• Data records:
'''

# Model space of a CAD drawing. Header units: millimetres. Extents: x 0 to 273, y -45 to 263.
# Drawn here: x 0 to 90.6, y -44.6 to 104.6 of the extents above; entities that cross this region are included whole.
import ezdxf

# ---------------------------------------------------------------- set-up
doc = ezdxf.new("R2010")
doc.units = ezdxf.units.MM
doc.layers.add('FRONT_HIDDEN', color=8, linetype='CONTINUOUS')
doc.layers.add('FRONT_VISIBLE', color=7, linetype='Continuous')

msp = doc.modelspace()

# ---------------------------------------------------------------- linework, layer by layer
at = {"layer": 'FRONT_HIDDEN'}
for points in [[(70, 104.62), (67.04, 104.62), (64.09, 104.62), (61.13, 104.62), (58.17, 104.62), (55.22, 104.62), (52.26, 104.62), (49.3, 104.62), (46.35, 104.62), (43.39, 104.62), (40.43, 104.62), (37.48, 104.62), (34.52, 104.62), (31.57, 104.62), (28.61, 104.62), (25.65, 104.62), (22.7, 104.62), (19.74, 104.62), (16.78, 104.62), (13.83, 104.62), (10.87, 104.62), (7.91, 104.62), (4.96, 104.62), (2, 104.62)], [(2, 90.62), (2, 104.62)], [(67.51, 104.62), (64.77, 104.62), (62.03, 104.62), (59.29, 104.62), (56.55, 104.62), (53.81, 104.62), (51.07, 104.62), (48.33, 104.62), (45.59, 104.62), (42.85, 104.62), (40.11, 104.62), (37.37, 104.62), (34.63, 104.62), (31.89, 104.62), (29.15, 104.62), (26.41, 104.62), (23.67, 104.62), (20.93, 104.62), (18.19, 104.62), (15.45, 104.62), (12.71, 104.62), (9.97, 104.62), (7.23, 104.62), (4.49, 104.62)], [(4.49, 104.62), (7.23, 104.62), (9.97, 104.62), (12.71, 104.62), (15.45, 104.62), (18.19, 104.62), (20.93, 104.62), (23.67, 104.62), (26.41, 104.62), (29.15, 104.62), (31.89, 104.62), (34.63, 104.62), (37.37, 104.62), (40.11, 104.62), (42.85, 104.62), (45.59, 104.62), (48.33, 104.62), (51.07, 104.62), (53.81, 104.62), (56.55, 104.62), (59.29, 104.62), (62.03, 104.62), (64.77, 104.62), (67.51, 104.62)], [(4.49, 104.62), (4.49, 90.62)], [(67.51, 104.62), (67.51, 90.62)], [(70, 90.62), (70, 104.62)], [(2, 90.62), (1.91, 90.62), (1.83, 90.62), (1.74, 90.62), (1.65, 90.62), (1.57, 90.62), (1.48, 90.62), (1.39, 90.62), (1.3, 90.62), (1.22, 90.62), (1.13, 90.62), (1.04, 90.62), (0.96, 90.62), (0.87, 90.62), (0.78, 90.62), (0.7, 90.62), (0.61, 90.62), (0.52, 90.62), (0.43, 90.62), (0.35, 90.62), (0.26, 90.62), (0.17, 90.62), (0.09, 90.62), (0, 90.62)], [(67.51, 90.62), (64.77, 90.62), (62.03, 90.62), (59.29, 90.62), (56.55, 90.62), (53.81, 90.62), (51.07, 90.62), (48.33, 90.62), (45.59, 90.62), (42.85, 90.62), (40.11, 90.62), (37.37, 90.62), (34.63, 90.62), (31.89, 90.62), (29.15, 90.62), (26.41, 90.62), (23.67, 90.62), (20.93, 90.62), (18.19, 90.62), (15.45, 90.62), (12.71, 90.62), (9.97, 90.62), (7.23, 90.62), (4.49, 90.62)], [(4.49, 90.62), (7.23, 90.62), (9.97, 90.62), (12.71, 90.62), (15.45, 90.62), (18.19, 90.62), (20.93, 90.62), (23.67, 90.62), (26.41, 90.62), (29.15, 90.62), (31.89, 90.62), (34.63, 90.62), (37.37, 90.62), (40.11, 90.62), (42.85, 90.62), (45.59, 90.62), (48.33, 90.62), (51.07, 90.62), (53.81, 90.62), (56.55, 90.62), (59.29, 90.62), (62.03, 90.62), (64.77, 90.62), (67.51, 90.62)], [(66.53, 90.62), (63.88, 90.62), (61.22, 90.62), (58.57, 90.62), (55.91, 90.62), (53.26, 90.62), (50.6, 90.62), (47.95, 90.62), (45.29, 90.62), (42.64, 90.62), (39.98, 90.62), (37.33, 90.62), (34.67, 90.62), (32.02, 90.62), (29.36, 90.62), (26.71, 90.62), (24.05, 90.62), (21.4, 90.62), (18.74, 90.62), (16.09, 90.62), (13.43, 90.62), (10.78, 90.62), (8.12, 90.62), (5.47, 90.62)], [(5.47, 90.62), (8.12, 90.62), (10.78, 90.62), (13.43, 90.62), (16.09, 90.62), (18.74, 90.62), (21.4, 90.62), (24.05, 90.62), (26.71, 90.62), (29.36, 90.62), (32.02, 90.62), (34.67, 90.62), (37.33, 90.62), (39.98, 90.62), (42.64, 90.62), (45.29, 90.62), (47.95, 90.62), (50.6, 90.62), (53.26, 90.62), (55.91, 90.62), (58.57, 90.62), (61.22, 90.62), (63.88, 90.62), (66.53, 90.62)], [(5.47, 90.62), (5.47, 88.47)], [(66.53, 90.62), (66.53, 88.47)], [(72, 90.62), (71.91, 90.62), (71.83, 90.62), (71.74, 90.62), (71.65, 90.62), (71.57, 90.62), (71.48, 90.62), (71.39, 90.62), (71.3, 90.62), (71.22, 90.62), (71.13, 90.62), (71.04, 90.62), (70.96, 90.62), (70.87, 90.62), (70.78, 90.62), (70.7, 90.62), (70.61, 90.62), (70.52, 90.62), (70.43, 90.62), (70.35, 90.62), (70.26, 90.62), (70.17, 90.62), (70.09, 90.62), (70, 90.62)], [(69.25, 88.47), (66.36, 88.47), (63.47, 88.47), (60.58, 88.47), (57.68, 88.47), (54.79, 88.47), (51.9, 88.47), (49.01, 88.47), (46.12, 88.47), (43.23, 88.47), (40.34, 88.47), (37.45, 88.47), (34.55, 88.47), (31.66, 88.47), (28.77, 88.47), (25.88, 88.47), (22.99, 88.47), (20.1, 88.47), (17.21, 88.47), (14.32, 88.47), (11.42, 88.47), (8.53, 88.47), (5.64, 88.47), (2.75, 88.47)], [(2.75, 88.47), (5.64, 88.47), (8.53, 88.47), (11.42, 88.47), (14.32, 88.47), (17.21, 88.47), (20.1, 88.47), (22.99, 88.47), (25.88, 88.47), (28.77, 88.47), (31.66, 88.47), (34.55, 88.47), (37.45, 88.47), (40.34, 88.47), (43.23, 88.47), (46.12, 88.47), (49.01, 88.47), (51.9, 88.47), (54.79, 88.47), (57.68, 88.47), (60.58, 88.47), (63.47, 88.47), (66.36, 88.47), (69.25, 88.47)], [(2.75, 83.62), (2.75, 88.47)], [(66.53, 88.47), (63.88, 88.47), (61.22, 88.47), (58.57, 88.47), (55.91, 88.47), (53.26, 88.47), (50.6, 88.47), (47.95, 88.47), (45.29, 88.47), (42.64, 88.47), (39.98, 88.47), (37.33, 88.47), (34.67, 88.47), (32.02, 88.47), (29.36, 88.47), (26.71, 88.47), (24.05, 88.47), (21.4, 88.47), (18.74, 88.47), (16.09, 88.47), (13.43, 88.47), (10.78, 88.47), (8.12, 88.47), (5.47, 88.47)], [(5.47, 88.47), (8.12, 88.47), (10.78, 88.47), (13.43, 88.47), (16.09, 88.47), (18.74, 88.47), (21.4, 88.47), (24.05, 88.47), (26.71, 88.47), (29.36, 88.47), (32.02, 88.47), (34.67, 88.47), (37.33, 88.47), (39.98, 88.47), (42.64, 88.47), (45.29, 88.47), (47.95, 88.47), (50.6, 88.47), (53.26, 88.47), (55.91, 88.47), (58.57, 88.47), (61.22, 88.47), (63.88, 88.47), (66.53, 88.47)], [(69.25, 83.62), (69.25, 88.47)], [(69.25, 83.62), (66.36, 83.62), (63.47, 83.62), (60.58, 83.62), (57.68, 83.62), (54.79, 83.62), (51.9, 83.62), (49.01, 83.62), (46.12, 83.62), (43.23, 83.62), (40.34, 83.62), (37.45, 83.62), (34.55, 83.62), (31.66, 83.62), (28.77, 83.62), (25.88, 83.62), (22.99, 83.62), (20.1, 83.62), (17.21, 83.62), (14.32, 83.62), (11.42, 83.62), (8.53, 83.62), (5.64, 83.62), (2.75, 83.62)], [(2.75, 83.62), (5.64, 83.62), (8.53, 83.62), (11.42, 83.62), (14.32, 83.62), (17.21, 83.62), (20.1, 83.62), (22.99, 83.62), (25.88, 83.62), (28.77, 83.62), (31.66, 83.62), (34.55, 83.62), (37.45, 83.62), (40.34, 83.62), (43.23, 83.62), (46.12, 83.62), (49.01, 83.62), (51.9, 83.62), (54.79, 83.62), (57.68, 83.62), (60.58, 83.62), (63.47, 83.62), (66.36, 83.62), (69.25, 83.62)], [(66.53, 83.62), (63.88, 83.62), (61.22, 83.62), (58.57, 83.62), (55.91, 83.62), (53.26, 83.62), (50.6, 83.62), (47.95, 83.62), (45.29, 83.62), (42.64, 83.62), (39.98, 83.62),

'''

• WHAT THIS TASK INVOLVES: Starting with the first line of the data above, copy each line exactly until you reach the line with "doc.units = ezdxf.units.MM"; include that line as well.

• ANSWER TO THE PROBLEM:
# Model space of a CAD drawing. Header units: millimetres. Extents: x 0 to 273, y -45 to 263.
# Drawn here: x 0 to 90.6, y -44.6 to 104.6 of the extents above; entities that cross this region are included whole.
import ezdxf

# ---------------------------------------------------------------- set-up
doc = ezdxf.new("R2010")
doc.units = ezdxf.units.MM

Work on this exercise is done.